Know Your Customer (“KYC”), screening and Anti-Money Laundering (“AML”) monitoring & investigations are the key controls to prevent financial institutions from being misused for financial crime. Despite the evolution of these processes in the past decade, their effectiveness and efficiency often remains an issue. Whilst individuals and organizations moved to digital and interconnected solutions, financial crime operations remained reliant on outdated controls.

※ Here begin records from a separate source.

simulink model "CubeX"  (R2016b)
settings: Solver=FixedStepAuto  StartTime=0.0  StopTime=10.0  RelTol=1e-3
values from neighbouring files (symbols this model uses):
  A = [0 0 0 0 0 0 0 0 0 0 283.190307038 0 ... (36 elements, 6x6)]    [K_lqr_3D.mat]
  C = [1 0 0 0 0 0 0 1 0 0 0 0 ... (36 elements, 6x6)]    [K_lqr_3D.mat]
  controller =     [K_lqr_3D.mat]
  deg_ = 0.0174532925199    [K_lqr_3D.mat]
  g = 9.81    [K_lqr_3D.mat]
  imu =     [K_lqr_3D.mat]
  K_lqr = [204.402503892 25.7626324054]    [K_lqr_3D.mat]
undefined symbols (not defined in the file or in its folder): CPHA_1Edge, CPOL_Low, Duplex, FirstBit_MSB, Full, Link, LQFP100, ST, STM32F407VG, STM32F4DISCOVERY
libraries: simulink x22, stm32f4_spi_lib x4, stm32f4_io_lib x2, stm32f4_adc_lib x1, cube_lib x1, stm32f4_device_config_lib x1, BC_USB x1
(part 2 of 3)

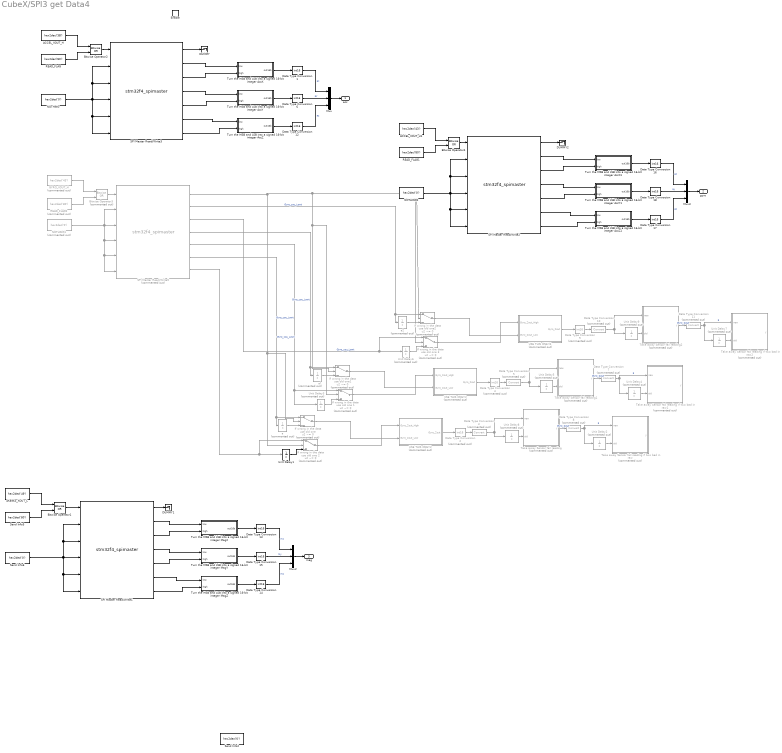
== system CubeX/SPI3 get Data4 ==
  Enable : EnablePort
  " a" : UnitDelay  Commented=on  SampleTime=-1
  " a1" : UnitDelay  Commented=on  SampleTime=-1
  " a2" : UnitDelay  Commented=on  SampleTime=-1
  ACCEL_XOUT_H : Constant  Value=hex2dec('3B')  OutDataTypeStr=uint8
  ACCEL_XOUT_H1 : Constant  Value=hex2dec('43')  OutDataTypeStr=uint8
  AK8963_XOUT_L : Constant  Value=hex2dec('49')  OutDataTypeStr=uint8
  Bitwise Operator1 : simulink/Logic and Bit Operations/Bitwise Operator  logicop=OR  UseBitMask=off  NumInputPorts=2  BitMask=bin2dec('11011001')  BitMaskRealWorld=Stored Integer
  Bitwise Operator2 : simulink/Logic and Bit Operations/Bitwise Operator  logicop=OR  UseBitMask=off  NumInputPorts=2  BitMask=bin2dec('11011001')  BitMaskRealWorld=Stored Integer
  Bitwise Operator3 : simulink/Logic and Bit Operations/Bitwise Operator  Commented=on  logicop=OR  UseBitMask=off  NumInputPorts=2  BitMask=bin2dec('11011001')  BitMaskRealWorld=Stored Integer
  Bitwise Operator4 : simulink/Logic and Bit Operations/Bitwise Operator  logicop=OR  UseBitMask=off  NumInputPorts=2  BitMask=bin2dec('11011001')  BitMaskRealWorld=Stored Integer
  DUMMY : Terminator
  DUMMY1 : Terminator
  DUMMY2 : Terminator
  Data Type Conversion{1,6,12..18} (9 alike) : DataTypeConversion  OutDataTypeStr=int16
  Data Type Conversion{3,5,7..8,10..11} (6 alike) : DataTypeConversion  Commented=on
  Data Type Conversion2 : DataTypeConversion  Commented=on  OutDataTypeStr=int16
  Data Type Conversion4 : DataTypeConversion  Commented=on  OutDataTypeStr=int16
  Data Type Conversion9 : DataTypeConversion  Commented=on  OutDataTypeStr=int16
  GYRO_XOUT_H : Constant  Commented=on  Value=hex2dec('43')  OutDataTypeStr=uint8
  If wrong in the data use old one : Switch  Commented=on  Criteria=u2 ~= 0
  If wrong in the data use old one 1 : Switch  Commented=on  Criteria=u2 ~= 0
  If wrong in the data use old one 2 : Switch  Commented=on  Criteria=u2 ~= 0
  If wrong in the data use old one 3 : Switch  Commented=on  Criteria=u2 ~= 0
  If wrong in the data use old one1 : Switch  Commented=on  Criteria=u2 ~= 0
  If wrong in the data use old one2 : Switch  Commented=on  Criteria=u2 ~= 0
  Mux : Mux  Inputs=3
  Mux2 : Mux  Inputs=3
  Mux3 : Mux  Inputs=3
  NOTHING : Constant  Value=hex2dec('0')  OutDataTypeStr=uint8
  NOTHING1 : Constant  Commented=on  Value=hex2dec('0')  OutDataTypeStr=uint8
  NOTHING2 : Constant  Value=hex2dec('0')  OutDataTypeStr=uint8
  READ_FLAG : Constant  Value=hex2dec('80')  OutDataTypeStr=uint8
  READ_FLAG1 : Constant  Value=hex2dec('80')  OutDataTypeStr=uint8
  READ_FLAG2 : Constant  Commented=on  Value=hex2dec('80')  OutDataTypeStr=uint8
  SPI Master Read/Write1 : S-Function  FunctionName=stm32f4_spimaster  Parameters=mode,configuration,module,datacount,inputtypearray,outputtypearray,confstr,sampletime,sampletimestr,blockid  SFunctionDeploymentMode=off  EnableBusSupport=off  mask(stm32f4_spimaster){configuration=Transaction, module=3, mode=Read/ Write, lastmodule=1, direction=Full-Duplex, dataformat=8bit/ FirstBit_MSB, prescaler=4, cpolcpha=CPOL_Low/ CPHA_1Edge, datacount=6, nssmode=Custom, nsspin=Not used, softnssport=E, softnsspin=0, sckpin=A5, misopin=A6, mosipin=A7, inputtypearray=[6 3 3 3 3 3 3], outputtypearray=[7 7 3 3 3 3 3 3], confstr=["SPI_Direction_2Lines_FullDuplex","8b","MSB","Low","1Edge","4","Soft","0","x","x","0","x","x","1","A","5","1","A","6","1","A","7","1","0","0","0","0","0","0","0","0","PP","0","UP"], sampletime=0.002, sampletimestr=0.002, blockid=SPI3getData4SPIMasterReadWrite1}
      mask prompts: module "SPI Module:"; lastmodule "Last module:"; dataformat "Data format:"; prescaler "Buad rate prescaler: Pclk/"; cpolcpha "Clock polarity (CPOL)/ Clock phase (CPHA):"; datacount "Data Read/Write count:"; nssmode "Slave/chip select (nSS, nCS) mode"; nsspin "Slave/chip select (nSS, nCS) pin"; softnssport "Slave/chip select port (nSS, nCS)"; softnsspin "Slave/chip select pin (nSS, nCS)"; sckpin "SCLK pin:"; misopin "MISO pin:"; mosipin "MOSI pin:"; inputtypearray "Input type array"; outputtypearray "Output type array"; confstr "Configuration string"; sampletime "Sample time (sec)"; sampletimestr "Compiled sample time (sec) in string"
      mask help:
      | Status:
      |  0 - Success.
      |  Otherwise - Fail.
      mask init:
      | stm32f4_spimaster_callback('init');
      mask Help: web(fullfile(waijungdocroot,'stm32f4_spimaster_readwrite.htm'), '-browser')
      mask TypeOptions configuration: Setup | Transaction
      mask Callback configuration: stm32f4_spimaster_callback('configuration');
      mask TypeOptions module: 1 | 2 | 3
      mask Callback module: stm32f4_spimaster_callback('module');
      mask TypeOptions mode: Read/ Write | Read | Write
      mask Callback mode: stm32f4_spimaster_callback('mode');
      mask TypeOptions direction: Full-Duplex | Half-Duplex_Tx | Half-Duplex_Rx
      mask Callback direction: stm32f4_spimaster_callback('direction');
      mask TypeOptions dataformat: 8bit/ FirstBit_MSB | 8bit/ FirstBit_LSB | 16bit/ FirstBit_MSB | 16bit/ FirstBit_LSB
      mask TypeOptions prescaler: 2 | 4 | 8 | 16 | 32 | 64 | 128 | 256
      mask TypeOptions cpolcpha: CPOL_Low/ CPHA_1Edge | CPOL_Low/ CPHA_2Edge | CPOL_High/ CPHA_1Edge | CPOL_High/ CPHA_2Edge
      mask Callback datacount: stm32f4_spimaster_callback('datacount');
      mask TypeOptions nssmode: Hardware | Software | Custom
      mask Callback nssmode: stm32f4_spimaster_callback('nssmode');
      mask TypeOptions nsspin: Not used | A4 | A15
      mask TypeOptions softnssport: A | B | C | D | E | F | G | H | I
      mask TypeOptions softnsspin: 0 | 1 | 2 | 3 | 4 | 5 | 6 | 7 | 8 | 9 | 10 | 11 | 12 | 13 | 14 | 15
      mask TypeOptions sckpin: Not used | A5 | B3
      mask TypeOptions misopin: Not used | A6 | B4
      mask TypeOptions mosipin: Not used | A7 | B5
      mask Callback confstr: stm32f4_spimaster_callback('confstr');
      mask Callback sampletime: stm32f4_spimaster_callback('sampletime');
      mask Callback sampletimestr: stm32f4_spimaster_callback('sampletimestr');
      mask Callback blockid: stm32f4_spimaster_callback('blockid');
      mask Display: text(0.5, 0.5, 'Module: SPI3 (Master)\nRead/ Write\nTs (sec): 0.002','ver','middle','hor','center');port_label('input', 1,'Wr0 (uint8)');port_label('input', 2,'Wr1 (uint8)');port_label('input', 3,'Wr2 (uint8)');port_label('input', 4,'Wr3 (uint8)');port_label('input', 5,'Wr4 (uint8)');port_label('input', 6,'Wr5 (uint8)');port_label('output', 1,'Status');port_label('output', 2,'Rd0 (uint8)');port_label('output', 3,'Rd1 (uint8)');port_label('output', 4,'Rd2 (uint8)');port_label('output', 5,'Rd3 (uint8)');port_label('output', 6,'Rd4 (uint8)');port_label('output', 7,'Rd5 (uint8)');
  SPI Master Read/Write2 : S-Function  FunctionName=stm32f4_spimaster  Parameters=mode,configuration,module,datacount,inputtypearray,outputtypearray,confstr,sampletime,sampletimestr,blockid  SFunctionDeploymentMode=off  EnableBusSupport=off  mask(stm32f4_spimaster){configuration=Transaction, module=3, mode=Read/ Write, lastmodule=1, direction=Full-Duplex, dataformat=8bit/ FirstBit_MSB, prescaler=4, cpolcpha=CPOL_Low/ CPHA_1Edge, datacount=6, nssmode=Custom, nsspin=Not used, softnssport=E, softnsspin=0, sckpin=A5, misopin=A6, mosipin=A7, inputtypearray=[6 3 3 3 3 3 3], outputtypearray=[7 7 3 3 3 3 3 3], confstr=["SPI_Direction_2Lines_FullDuplex","8b","MSB","Low","1Edge","4","Soft","0","x","x","0","x","x","1","A","5","1","A","6","1","A","7","1","0","0","0","0","0","0","0","0","PP","0","UP"], sampletime=-1, sampletimestr=Inf, blockid=SPI3getData4SPIMasterReadWrite2}
      mask prompts: module "SPI Module:"; lastmodule "Last module:"; dataformat "Data format:"; prescaler "Buad rate prescaler: Pclk/"; cpolcpha "Clock polarity (CPOL)/ Clock phase (CPHA):"; datacount "Data Read/Write count:"; nssmode "Slave/chip select (nSS, nCS) mode"; nsspin "Slave/chip select (nSS, nCS) pin"; softnssport "Slave/chip select port (nSS, nCS)"; softnsspin "Slave/chip select pin (nSS, nCS)"; sckpin "SCLK pin:"; misopin "MISO pin:"; mosipin "MOSI pin:"; inputtypearray "Input type array"; outputtypearray "Output type array"; confstr "Configuration string"; sampletime "Sample time (sec)"; sampletimestr "Compiled sample time (sec) in string"
      mask help:
      | Status:
      |  0 - Success.
      |  Otherwise - Fail.
      mask init:
      | stm32f4_spimaster_callback('init');
      mask Help: web(fullfile(waijungdocroot,'stm32f4_spimaster_readwrite.htm'), '-browser')
      mask TypeOptions configuration: Setup | Transaction
      mask Callback configuration: stm32f4_spimaster_callback('configuration');
      mask TypeOptions module: 1 | 2 | 3
      mask Callback module: stm32f4_spimaster_callback('module');
      mask TypeOptions mode: Read/ Write | Read | Write
      mask Callback mode: stm32f4_spimaster_callback('mode');
      mask TypeOptions direction: Full-Duplex | Half-Duplex_Tx | Half-Duplex_Rx
      mask Callback direction: stm32f4_spimaster_callback('direction');
      mask TypeOptions dataformat: 8bit/ FirstBit_MSB | 8bit/ FirstBit_LSB | 16bit/ FirstBit_MSB | 16bit/ FirstBit_LSB
      mask TypeOptions prescaler: 2 | 4 | 8 | 16 | 32 | 64 | 128 | 256
      mask TypeOptions cpolcpha: CPOL_Low/ CPHA_1Edge | CPOL_Low/ CPHA_2Edge | CPOL_High/ CPHA_1Edge | CPOL_High/ CPHA_2Edge
      mask Callback datacount: stm32f4_spimaster_callback('datacount');
      mask TypeOptions nssmode: Hardware | Software | Custom
      mask Callback nssmode: stm32f4_spimaster_callback('nssmode');
      mask TypeOptions nsspin: Not used | A4 | A15
      mask TypeOptions softnssport: A | B | C | D | E | F | G | H | I
      mask TypeOptions softnsspin: 0 | 1 | 2 | 3 | 4 | 5 | 6 | 7 | 8 | 9 | 10 | 11 | 12 | 13 | 14 | 15
      mask TypeOptions sckpin: Not used | A5 | B3
      mask TypeOptions misopin: Not used | A6 | B4
      mask TypeOptions mosipin: Not used | A7 | B5
      mask Callback confstr: stm32f4_spimaster_callback('confstr');
      mask Callback sampletime: stm32f4_spimaster_callback('sampletime');
      mask Callback sampletimestr: stm32f4_spimaster_callback('sampletimestr');
      mask Callback blockid: stm32f4_spimaster_callback('blockid');
      mask Display: text(0.5, 0.5, 'Module: SPI3 (Master)\nRead/ Write\nTs (sec): Inf','ver','middle','hor','center');port_label('input', 1,'Wr0 (uint8)');port_label('input', 2,'Wr1 (uint8)');port_label('input', 3,'Wr2 (uint8)');port_label('input', 4,'Wr3 (uint8)');port_label('input', 5,'Wr4 (uint8)');port_label('input', 6,'Wr5 (uint8)');port_label('output', 1,'Status');port_label('output', 2,'Rd0 (uint8)');port_label('output', 3,'Rd1 (uint8)');port_label('output', 4,'Rd2 (uint8)');port_label('output', 5,'Rd3 (uint8)');port_label('output', 6,'Rd4 (uint8)');port_label('output', 7,'Rd5 (uint8)');
  SPI Master Read/Write3 : S-Function  FunctionName=stm32f4_spimaster  Parameters=mode,configuration,module,datacount,inputtypearray,outputtypearray,confstr,sampletime,sampletimestr,blockid  SFunctionDeploymentMode=off  EnableBusSupport=off  mask(stm32f4_spimaster){configuration=Transaction, module=3, mode=Read/ Write, lastmodule=1, direction=Full-Duplex, dataformat=8bit/ FirstBit_MSB, prescaler=4, cpolcpha=CPOL_Low/ CPHA_1Edge, datacount=6, nssmode=Custom, nsspin=Not used, softnssport=E, softnsspin=0, sckpin=A5, misopin=A6, mosipin=A7, inputtypearray=[6 3 3 3 3 3 3], outputtypearray=[7 7 3 3 3 3 3 3], confstr=["SPI_Direction_2Lines_FullDuplex","8b","MSB","Low","1Edge","4","Soft","0","x","x","0","x","x","1","A","5","1","A","6","1","A","7","1","0","0","0","0","0","0","0","0","PP","0","UP"], sampletime=-1, sampletimestr=Inf, blockid=SPI3getData4SPIMasterReadWrite3}
      mask prompts: module "SPI Module:"; lastmodule "Last module:"; dataformat "Data format:"; prescaler "Buad rate prescaler: Pclk/"; cpolcpha "Clock polarity (CPOL)/ Clock phase (CPHA):"; datacount "Data Read/Write count:"; nssmode "Slave/chip select (nSS, nCS) mode"; nsspin "Slave/chip select (nSS, nCS) pin"; softnssport "Slave/chip select port (nSS, nCS)"; softnsspin "Slave/chip select pin (nSS, nCS)"; sckpin "SCLK pin:"; misopin "MISO pin:"; mosipin "MOSI pin:"; inputtypearray "Input type array"; outputtypearray "Output type array"; confstr "Configuration string"; sampletime "Sample time (sec)"; sampletimestr "Compiled sample time (sec) in string"
      mask help:
      | Status:
      |  0 - Success.
      |  Otherwise - Fail.
      mask init:
      | stm32f4_spimaster_callback('init');
      mask Help: web(fullfile(waijungdocroot,'stm32f4_spimaster_readwrite.htm'), '-browser')
      mask TypeOptions configuration: Setup | Transaction
      mask Callback configuration: stm32f4_spimaster_callback('configuration');
      mask TypeOptions module: 1 | 2 | 3
      mask Callback module: stm32f4_spimaster_callback('module');
      mask TypeOptions mode: Read/ Write | Read | Write
      mask Callback mode: stm32f4_spimaster_callback('mode');
      mask TypeOptions direction: Full-Duplex | Half-Duplex_Tx | Half-Duplex_Rx
      mask Callback direction: stm32f4_spimaster_callback('direction');
      mask TypeOptions dataformat: 8bit/ FirstBit_MSB | 8bit/ FirstBit_LSB | 16bit/ FirstBit_MSB | 16bit/ FirstBit_LSB
      mask TypeOptions prescaler: 2 | 4 | 8 | 16 | 32 | 64 | 128 | 256
      mask TypeOptions cpolcpha: CPOL_Low/ CPHA_1Edge | CPOL_Low/ CPHA_2Edge | CPOL_High/ CPHA_1Edge | CPOL_High/ CPHA_2Edge
      mask Callback datacount: stm32f4_spimaster_callback('datacount');
      mask TypeOptions nssmode: Hardware | Software | Custom
      mask Callback nssmode: stm32f4_spimaster_callback('nssmode');
      mask TypeOptions nsspin: Not used | A4 | A15
      mask TypeOptions softnssport: A | B | C | D | E | F | G | H | I
      mask TypeOptions softnsspin: 0 | 1 | 2 | 3 | 4 | 5 | 6 | 7 | 8 | 9 | 10 | 11 | 12 | 13 | 14 | 15
      mask TypeOptions sckpin: Not used | A5 | B3
      mask TypeOptions misopin: Not used | A6 | B4
      mask TypeOptions mosipin: Not used | A7 | B5
      mask Callback confstr: stm32f4_spimaster_callback('confstr');
      mask Callback sampletime: stm32f4_spimaster_callback('sampletime');
      mask Callback sampletimestr: stm32f4_spimaster_callback('sampletimestr');
      mask Callback blockid: stm32f4_spimaster_callback('blockid');
      mask Display: text(0.5, 0.5, 'Module: SPI3 (Master)\nRead/ Write\nTs (sec): Inf','ver','middle','hor','center');port_label('input', 1,'Wr0 (uint8)');port_label('input', 2,'Wr1 (uint8)');port_label('input', 3,'Wr2 (uint8)');port_label('input', 4,'Wr3 (uint8)');port_label('input', 5,'Wr4 (uint8)');port_label('input', 6,'Wr5 (uint8)');port_label('output', 1,'Status');port_label('output', 2,'Rd0 (uint8)');port_label('output', 3,'Rd1 (uint8)');port_label('output', 4,'Rd2 (uint8)');port_label('output', 5,'Rd3 (uint8)');port_label('output', 6,'Rd4 (uint8)');port_label('output', 7,'Rd5 (uint8)');
  SPI Master Read/Write5 : S-Function  Commented=on  FunctionName=stm32f4_spimaster  Parameters=mode,configuration,module,datacount,inputtypearray,outputtypearray,confstr,sampletime,sampletimestr,blockid  SFunctionDeploymentMode=off  EnableBusSupport=off  mask(stm32f4_spimaster){configuration=Transaction, module=3, mode=Read/ Write, lastmodule=1, direction=Full-Duplex, dataformat=8bit/ FirstBit_MSB, prescaler=4, cpolcpha=CPOL_Low/ CPHA_1Edge, datacount=6, nssmode=Custom, nsspin=Not used, softnssport=E, softnsspin=0, sckpin=A5, misopin=A6, mosipin=A7, inputtypearray=[6 3 3 3 3 3 3], outputtypearray=[7 7 3 3 3 3 3 3], confstr=["SPI_Direction_2Lines_FullDuplex","8b","MSB","Low","1Edge","4","Soft","0","x","x","0","x","x","1","A","5","1","A","6","1","A","7","1","0","0","0","0","0","0","0","0","PP","0","UP"], sampletime=-1, sampletimestr=Inf, blockid=SPI3getData4SPIMasterReadWrite5}
      mask prompts: module "SPI Module:"; lastmodule "Last module:"; dataformat "Data format:"; prescaler "Buad rate prescaler: Pclk/"; cpolcpha "Clock polarity (CPOL)/ Clock phase (CPHA):"; datacount "Data Read/Write count:"; nssmode "Slave/chip select (nSS, nCS) mode"; nsspin "Slave/chip select (nSS, nCS) pin"; softnssport "Slave/chip select port (nSS, nCS)"; softnsspin "Slave/chip select pin (nSS, nCS)"; sckpin "SCLK pin:"; misopin "MISO pin:"; mosipin "MOSI pin:"; inputtypearray "Input type array"; outputtypearray "Output type array"; confstr "Configuration string"; sampletime "Sample time (sec)"; sampletimestr "Compiled sample time (sec) in string"
      mask help:
      | Status:
      |  0 - Success.
      |  Otherwise - Fail.
      mask init:
      | stm32f4_spimaster_callback('init');
      mask Help: web(fullfile(waijungdocroot,'stm32f4_spimaster_readwrite.htm'), '-browser')
      mask TypeOptions configuration: Setup | Transaction
      mask Callback configuration: stm32f4_spimaster_callback('configuration');
      mask TypeOptions module: 1 | 2 | 3
      mask Callback module: stm32f4_spimaster_callback('module');
      mask TypeOptions mode: Read/ Write | Read | Write
      mask Callback mode: stm32f4_spimaster_callback('mode');
      mask TypeOptions direction: Full-Duplex | Half-Duplex_Tx | Half-Duplex_Rx
      mask Callback direction: stm32f4_spimaster_callback('direction');
      mask TypeOptions dataformat: 8bit/ FirstBit_MSB | 8bit/ FirstBit_LSB | 16bit/ FirstBit_MSB | 16bit/ FirstBit_LSB
      mask TypeOptions prescaler: 2 | 4 | 8 | 16 | 32 | 64 | 128 | 256
      mask TypeOptions cpolcpha: CPOL_Low/ CPHA_1Edge | CPOL_Low/ CPHA_2Edge | CPOL_High/ CPHA_1Edge | CPOL_High/ CPHA_2Edge
      mask Callback datacount: stm32f4_spimaster_callback('datacount');
      mask TypeOptions nssmode: Hardware | Software | Custom
      mask Callback nssmode: stm32f4_spimaster_callback('nssmode');
      mask TypeOptions nsspin: Not used | A4 | A15
      mask TypeOptions softnssport: A | B | C | D | E | F | G | H | I
      mask TypeOptions softnsspin: 0 | 1 | 2 | 3 | 4 | 5 | 6 | 7 | 8 | 9 | 10 | 11 | 12 | 13 | 14 | 15
      mask TypeOptions sckpin: Not used | A5 | B3
      mask TypeOptions misopin: Not used | A6 | B4
      mask TypeOptions mosipin: Not used | A7 | B5
      mask Callback confstr: stm32f4_spimaster_callback('confstr');
      mask Callback sampletime: stm32f4_spimaster_callback('sampletime');
      mask Callback sampletimestr: stm32f4_spimaster_callback('sampletimestr');
      mask Callback blockid: stm32f4_spimaster_callback('blockid');
      mask Display: text(0.5, 0.5, 'Module: SPI3 (Master)\nRead/ Write\nTs (sec): Inf','ver','middle','hor','center');port_label('input', 1,'Wr0 (uint8)');port_label('input', 2,'Wr1 (uint8)');port_label('input', 3,'Wr2 (uint8)');port_label('input', 4,'Wr3 (uint8)');port_label('input', 5,'Wr4 (uint8)');port_label('input', 6,'Wr5 (uint8)');port_label('output', 1,'Status');port_label('output', 2,'Rd0 (uint8)');port_label('output', 3,'Rd1 (uint8)');port_label('output', 4,'Rd2 (uint8)');port_label('output', 5,'Rd3 (uint8)');port_label('output', 6,'Rd4 (uint8)');port_label('output', 7,'Rd5 (uint8)');
  Send Info2 : Constant  Value=hex2dec('0')  OutDataTypeStr=uint8
  Send Info5 : Constant  Value=hex2dec('80')  OutDataTypeStr=uint8
  Send Info6 : Constant  Value=hex2dec('0')  OutDataTypeStr=uint8
  Take away Sensor fail reading : MATLAB Function  Commented=on  TreatAsAtomicUnit=on
  Take away Sensor fail reading if two bad in raw : MATLAB Function  Commented=on  TreatAsAtomicUnit=on
  Take away Sensor fail reading if two bad in raw1 : MATLAB Function  Commented=on  TreatAsAtomicUnit=on
  Take away Sensor fail reading if two bad in raw2 : MATLAB Function  Commented=on  TreatAsAtomicUnit=on
  Take away Sensor fail reading1 : MATLAB Function  Commented=on  TreatAsAtomicUnit=on
  Take away Sensor fail reading2 : MATLAB Function  Commented=on  TreatAsAtomicUnit=on
  Turn the MSB and LSB into a signed 16-bit integer AccX : Subsystem
  Turn the MSB and LSB into a signed 16-bit integer AccX1 : Subsystem
  Turn the MSB and LSB into a signed 16-bit integer AccY : Subsystem
  Turn the MSB and LSB into a signed 16-bit integer AccY1 : Subsystem
  Turn the MSB and LSB into a signed 16-bit integer AccZ : Subsystem
  Turn the MSB and LSB into a signed 16-bit integer AccZ1 : Subsystem
  Turn the MSB and LSB into a signed 16-bit integer MagX : Subsystem
  Turn the MSB and LSB into a signed 16-bit integer MagY : Subsystem
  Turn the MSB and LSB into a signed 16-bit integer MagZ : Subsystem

The following visual illustrates the key controls maintained by financial institutions throughout the customer journey to prevent financial crime and the typical issues impacting their performance:

Graph: the key controls maintained by financial institutions to prevent financial crime

Financial institutions are struggling to meet their financial crime compliance obligations in the face of increasing regulatory demands, increasing cost pressure and a legacy of inefficient technology and operations, which leads to significant compliance risk and the threat of regulatory censure/fines, but also increased focus on administrative tasks rather than risk management.

Financial institutions need a cost-effective, sustainable (and scalable) solution to financial crime risk detection and investigation, which uses innovative technology, including workflow, analytics, Robotic Process Automation (RPA) and machine learning to improve and accelerate risk detection and remediation. They also require a close follow-up on the regulatory framework and changes.

Combatting financial crime: a new rulebook at EU level?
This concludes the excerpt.